Until the end of the audit, the financial statements for 2019 may be changed. The planned date of publication of the interim report for 2019 is 3 April 2020.

Legal basis: Article 17(1) of Regulation (EU) No 596/2014 of the European Parliament and of the Council of 16 April 2014 on market abuse (MAR).

As a consequence of the Delayed Confidential Information, the estimated level of the capital requirement referred to above, calculated as on 27 March 2020, was: approx. 8.6%, i.e. almost 0.7 percentage points below the level of 9.32% required by law.

In addition, bearing in mind the consequences of the COVID-19 pandemic, the Bank advises that it will maintain its operational continuity and that all key processes and functions are uninterrupted. Solutions have been implemented to mitigate the epidemic risk for the employees and for the clients who use the network branches. At the moment, a significant number of the Bank’s employees carry out their duties on a remote basis or are dispersed across the offices of the Bank, which allows them to maintain safe working conditions. In addition, the Bank actively encourages its clients to use mobile applications and online banking.

The Bank monitors the current economic situation on an ongoing basis and makes decisions aimed to ensure the security and safety of all of its stakeholders, in particular its clients. The Bank takes active measures to adapt its functions to the changing environment as best as possible. However, it should be remembered that currently it is not possible to precisely assess the impact of the situation resulting from the COVID-19 pandemic, and that its scale largely depends on external factors which are beyond the control of the Bank.

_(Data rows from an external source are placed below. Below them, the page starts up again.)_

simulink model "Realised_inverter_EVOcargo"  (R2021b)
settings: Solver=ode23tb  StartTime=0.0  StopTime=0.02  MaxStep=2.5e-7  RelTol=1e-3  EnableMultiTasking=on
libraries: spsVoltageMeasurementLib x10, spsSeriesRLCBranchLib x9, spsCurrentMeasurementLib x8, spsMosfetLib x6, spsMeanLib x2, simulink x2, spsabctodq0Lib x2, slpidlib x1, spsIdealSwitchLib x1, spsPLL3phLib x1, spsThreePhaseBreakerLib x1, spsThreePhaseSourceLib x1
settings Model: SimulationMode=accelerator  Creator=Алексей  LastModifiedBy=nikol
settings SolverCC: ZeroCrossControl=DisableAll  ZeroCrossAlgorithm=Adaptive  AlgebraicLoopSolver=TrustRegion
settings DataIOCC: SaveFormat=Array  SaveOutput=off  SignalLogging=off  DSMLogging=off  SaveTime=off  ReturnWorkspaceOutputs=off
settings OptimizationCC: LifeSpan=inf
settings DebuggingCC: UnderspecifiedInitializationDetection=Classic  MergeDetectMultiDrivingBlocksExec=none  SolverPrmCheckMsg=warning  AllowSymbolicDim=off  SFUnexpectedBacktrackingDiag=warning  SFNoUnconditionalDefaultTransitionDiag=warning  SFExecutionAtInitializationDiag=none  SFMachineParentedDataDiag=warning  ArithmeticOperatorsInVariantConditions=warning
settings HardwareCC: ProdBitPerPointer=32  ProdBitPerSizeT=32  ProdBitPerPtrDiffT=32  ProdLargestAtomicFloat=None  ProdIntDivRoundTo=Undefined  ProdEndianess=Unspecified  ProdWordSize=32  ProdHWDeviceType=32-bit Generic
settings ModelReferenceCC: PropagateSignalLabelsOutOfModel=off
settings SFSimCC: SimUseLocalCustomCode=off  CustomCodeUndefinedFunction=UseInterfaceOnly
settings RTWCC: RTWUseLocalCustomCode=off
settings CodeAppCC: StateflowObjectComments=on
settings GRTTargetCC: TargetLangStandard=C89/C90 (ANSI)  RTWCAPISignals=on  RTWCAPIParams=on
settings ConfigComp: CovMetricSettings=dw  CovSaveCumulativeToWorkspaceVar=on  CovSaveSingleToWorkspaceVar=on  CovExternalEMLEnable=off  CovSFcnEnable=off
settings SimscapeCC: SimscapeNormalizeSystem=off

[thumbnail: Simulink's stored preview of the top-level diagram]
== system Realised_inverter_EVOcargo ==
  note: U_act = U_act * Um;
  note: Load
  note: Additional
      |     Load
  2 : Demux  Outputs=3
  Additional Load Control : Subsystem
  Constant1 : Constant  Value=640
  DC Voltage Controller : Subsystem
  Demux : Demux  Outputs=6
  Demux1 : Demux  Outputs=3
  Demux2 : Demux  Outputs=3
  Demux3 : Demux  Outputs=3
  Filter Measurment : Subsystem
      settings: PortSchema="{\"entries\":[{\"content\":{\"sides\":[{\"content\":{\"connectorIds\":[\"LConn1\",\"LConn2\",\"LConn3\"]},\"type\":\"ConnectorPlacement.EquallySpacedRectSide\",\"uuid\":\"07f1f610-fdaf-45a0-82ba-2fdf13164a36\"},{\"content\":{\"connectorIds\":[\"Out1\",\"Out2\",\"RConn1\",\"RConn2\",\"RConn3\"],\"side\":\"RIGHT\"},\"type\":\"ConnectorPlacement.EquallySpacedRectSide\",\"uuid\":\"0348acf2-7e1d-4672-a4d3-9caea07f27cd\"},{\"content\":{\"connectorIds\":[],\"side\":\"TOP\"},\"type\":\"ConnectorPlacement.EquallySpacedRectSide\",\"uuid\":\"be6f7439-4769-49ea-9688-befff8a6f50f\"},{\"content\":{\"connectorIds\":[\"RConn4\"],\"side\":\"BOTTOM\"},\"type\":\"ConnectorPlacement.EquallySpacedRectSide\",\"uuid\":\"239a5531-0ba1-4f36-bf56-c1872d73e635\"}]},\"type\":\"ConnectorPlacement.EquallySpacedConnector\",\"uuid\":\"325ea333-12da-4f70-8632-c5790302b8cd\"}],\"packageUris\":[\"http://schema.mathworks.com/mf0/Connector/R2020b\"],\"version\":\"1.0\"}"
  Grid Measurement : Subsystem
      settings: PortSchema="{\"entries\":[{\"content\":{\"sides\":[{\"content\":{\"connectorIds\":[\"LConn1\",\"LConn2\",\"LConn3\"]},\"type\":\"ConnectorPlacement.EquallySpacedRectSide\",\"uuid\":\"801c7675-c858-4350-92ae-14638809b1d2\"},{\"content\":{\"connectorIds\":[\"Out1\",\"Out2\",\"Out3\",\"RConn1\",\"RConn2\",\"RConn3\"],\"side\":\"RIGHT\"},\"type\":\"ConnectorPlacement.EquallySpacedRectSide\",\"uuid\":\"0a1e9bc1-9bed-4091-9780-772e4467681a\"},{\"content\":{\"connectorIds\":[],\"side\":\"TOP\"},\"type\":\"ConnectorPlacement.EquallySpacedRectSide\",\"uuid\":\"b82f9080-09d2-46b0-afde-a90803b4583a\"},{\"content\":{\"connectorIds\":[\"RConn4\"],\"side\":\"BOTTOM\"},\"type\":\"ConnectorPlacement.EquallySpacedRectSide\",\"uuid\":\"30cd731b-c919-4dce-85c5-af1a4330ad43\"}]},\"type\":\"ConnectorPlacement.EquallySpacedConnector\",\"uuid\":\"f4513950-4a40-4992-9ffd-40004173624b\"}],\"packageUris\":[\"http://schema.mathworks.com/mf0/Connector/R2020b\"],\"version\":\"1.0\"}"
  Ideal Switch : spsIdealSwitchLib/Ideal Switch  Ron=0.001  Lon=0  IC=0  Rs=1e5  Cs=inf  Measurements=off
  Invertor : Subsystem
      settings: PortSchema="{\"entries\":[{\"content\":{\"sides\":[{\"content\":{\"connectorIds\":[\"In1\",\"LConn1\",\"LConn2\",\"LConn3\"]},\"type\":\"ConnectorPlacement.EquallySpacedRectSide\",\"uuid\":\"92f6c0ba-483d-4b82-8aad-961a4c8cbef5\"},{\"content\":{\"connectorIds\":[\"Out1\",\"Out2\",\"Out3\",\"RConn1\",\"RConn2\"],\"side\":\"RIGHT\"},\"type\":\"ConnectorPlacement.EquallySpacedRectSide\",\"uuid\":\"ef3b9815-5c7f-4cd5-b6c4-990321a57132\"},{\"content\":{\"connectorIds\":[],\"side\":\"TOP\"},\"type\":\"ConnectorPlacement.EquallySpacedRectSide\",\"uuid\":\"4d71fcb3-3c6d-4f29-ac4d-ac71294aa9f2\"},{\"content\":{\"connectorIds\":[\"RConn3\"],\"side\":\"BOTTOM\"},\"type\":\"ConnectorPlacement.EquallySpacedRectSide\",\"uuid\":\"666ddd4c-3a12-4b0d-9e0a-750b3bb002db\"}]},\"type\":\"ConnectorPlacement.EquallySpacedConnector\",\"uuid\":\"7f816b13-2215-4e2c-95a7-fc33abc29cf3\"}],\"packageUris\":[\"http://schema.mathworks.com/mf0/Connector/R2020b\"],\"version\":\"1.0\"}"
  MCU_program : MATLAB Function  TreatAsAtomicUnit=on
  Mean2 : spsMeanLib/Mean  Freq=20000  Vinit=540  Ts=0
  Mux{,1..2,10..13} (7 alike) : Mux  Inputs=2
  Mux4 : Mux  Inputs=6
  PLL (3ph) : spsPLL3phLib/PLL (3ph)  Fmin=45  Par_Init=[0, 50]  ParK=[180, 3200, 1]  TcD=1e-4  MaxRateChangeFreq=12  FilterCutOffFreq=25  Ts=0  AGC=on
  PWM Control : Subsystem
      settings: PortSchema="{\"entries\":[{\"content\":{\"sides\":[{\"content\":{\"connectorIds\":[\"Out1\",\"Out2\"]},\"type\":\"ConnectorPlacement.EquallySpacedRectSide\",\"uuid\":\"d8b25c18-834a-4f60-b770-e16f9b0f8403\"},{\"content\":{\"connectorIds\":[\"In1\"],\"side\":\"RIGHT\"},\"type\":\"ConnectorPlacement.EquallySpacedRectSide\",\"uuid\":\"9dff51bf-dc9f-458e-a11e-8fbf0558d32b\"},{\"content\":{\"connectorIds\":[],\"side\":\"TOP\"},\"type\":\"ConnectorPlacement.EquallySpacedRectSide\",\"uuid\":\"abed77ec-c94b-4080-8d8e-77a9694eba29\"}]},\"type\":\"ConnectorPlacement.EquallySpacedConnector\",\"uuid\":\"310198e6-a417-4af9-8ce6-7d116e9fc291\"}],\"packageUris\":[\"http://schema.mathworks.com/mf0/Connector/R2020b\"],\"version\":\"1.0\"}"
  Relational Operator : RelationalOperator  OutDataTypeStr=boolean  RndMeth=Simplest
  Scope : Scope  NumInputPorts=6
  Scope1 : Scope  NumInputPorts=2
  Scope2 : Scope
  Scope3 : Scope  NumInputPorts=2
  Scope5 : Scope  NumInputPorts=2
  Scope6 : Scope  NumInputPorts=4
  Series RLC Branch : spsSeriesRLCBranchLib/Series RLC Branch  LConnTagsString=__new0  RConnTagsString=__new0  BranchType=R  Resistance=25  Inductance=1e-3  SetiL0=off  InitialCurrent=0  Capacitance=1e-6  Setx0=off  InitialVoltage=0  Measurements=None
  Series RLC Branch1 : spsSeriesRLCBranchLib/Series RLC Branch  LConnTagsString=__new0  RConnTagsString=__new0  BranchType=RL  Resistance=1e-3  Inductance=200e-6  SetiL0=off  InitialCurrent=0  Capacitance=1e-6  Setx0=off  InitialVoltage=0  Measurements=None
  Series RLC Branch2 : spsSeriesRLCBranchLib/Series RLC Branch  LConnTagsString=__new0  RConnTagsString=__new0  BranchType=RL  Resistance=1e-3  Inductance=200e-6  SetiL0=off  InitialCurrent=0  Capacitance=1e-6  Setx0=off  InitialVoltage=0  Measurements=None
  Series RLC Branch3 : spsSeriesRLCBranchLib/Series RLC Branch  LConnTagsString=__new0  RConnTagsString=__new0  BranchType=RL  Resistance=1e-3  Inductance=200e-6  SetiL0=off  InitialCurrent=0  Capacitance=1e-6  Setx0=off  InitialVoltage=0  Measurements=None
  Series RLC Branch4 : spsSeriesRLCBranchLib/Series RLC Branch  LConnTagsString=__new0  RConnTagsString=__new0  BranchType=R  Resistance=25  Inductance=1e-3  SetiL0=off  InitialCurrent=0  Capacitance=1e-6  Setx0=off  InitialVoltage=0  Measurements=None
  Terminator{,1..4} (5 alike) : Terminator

With respect to the value of established provisions and write-offs, the Bank advises that these remain unchanged on the date of publication of this report.

Until the publication of this report, the applications submitted by the Bank pursuant to Article 17(5)(d) of the MAR have not been considered by the Commission.

Legal basis: Article 17(1), (5) of Regulation (EU) No 596/2014 of the European Parliament and of the Council of 16 April 2014 (MAR).